== Entries supplied ==
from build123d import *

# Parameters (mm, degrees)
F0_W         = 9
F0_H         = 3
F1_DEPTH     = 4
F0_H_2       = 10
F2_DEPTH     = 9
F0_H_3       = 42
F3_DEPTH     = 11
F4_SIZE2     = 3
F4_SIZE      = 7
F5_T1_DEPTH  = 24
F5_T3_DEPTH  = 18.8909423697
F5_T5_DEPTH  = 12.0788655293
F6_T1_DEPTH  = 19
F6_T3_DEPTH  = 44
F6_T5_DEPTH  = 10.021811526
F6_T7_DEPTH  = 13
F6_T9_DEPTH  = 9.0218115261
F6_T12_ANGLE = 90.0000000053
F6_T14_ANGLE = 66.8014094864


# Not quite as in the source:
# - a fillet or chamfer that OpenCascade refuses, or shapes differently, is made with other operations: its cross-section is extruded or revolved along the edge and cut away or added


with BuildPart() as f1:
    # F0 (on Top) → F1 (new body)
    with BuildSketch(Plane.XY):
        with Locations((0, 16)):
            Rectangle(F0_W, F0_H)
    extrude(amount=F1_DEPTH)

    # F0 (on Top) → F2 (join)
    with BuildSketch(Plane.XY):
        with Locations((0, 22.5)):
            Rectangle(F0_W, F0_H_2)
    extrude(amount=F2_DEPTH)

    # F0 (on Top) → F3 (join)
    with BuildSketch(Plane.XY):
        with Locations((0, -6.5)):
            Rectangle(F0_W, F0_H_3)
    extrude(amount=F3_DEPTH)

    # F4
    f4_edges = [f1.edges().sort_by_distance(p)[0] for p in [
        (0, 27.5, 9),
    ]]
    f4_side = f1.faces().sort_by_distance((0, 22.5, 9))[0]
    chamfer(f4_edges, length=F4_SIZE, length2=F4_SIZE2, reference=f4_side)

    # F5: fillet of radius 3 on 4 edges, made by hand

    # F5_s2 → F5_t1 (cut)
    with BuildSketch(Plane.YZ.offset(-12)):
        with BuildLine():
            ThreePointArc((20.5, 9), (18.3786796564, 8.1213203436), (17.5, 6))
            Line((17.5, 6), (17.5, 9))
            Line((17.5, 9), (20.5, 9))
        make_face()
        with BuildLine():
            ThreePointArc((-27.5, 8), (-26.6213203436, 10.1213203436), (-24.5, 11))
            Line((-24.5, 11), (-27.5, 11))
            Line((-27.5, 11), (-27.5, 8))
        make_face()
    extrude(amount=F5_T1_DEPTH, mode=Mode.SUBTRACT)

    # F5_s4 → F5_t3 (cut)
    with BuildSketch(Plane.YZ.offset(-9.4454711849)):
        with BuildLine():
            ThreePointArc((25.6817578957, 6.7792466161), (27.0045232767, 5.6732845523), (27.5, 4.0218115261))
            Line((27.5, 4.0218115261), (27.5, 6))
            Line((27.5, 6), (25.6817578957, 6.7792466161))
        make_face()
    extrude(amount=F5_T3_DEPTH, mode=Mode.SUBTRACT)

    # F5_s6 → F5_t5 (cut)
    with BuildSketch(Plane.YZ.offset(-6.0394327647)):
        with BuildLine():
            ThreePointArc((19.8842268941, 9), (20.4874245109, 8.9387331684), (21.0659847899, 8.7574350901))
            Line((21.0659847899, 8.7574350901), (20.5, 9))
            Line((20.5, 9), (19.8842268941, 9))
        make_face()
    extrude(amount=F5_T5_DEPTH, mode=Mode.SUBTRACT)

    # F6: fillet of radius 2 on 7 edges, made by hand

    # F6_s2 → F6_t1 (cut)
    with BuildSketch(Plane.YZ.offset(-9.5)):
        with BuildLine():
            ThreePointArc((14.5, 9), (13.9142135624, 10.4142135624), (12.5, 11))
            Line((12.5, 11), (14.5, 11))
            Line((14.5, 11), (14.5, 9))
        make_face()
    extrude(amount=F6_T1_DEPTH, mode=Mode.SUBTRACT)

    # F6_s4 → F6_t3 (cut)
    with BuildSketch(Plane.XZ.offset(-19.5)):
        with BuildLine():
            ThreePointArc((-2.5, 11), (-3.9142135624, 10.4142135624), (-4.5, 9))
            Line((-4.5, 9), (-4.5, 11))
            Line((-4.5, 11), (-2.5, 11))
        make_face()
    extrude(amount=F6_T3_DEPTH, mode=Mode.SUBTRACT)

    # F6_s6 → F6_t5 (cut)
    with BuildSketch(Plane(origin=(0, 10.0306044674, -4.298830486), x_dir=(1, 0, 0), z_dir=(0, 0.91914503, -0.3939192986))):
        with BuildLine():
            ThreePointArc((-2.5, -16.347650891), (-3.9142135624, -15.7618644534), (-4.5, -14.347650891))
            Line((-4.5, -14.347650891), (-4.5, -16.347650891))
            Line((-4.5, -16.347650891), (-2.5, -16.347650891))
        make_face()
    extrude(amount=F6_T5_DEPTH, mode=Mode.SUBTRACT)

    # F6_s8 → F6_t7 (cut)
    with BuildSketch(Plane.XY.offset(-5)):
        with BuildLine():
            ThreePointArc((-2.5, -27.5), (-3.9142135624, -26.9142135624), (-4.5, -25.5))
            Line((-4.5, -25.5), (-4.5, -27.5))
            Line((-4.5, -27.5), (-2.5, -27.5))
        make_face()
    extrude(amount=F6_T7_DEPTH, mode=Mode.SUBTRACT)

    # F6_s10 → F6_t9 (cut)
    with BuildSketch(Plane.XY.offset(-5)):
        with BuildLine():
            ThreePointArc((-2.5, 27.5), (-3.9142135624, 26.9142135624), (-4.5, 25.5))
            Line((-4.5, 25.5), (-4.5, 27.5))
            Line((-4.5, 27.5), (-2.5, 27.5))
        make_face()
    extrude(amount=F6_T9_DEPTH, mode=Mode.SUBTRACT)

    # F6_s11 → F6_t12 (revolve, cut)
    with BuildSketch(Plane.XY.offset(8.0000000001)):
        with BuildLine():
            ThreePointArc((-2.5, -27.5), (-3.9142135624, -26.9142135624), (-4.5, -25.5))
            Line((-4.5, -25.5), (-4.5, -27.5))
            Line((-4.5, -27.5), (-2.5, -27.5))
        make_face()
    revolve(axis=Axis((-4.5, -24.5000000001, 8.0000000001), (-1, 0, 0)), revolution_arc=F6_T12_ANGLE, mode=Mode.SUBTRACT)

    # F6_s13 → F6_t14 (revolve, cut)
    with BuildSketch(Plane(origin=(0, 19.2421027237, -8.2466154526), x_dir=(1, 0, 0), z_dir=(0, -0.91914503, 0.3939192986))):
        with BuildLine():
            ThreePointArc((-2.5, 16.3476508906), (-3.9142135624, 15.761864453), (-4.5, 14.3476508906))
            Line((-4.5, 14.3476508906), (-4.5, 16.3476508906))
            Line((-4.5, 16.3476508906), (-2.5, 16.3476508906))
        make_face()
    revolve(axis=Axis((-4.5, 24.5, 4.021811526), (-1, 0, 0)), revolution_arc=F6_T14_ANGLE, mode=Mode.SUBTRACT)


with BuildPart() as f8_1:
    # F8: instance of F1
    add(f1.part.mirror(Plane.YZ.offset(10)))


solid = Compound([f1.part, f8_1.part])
===
Among the entries above, find every line holding "Axis" and copy it.

Task solution ::
    revolve(axis=Axis((-4.5, -24.5000000001, 8.0000000001), (-1, 0, 0)), revolution_arc=F6_T12_ANGLE, mode=Mode.SUBTRACT)
    revolve(axis=Axis((-4.5, 24.5, 4.021811526), (-1, 0, 0)), revolution_arc=F6_T14_ANGLE, mode=Mode.SUBTRACT)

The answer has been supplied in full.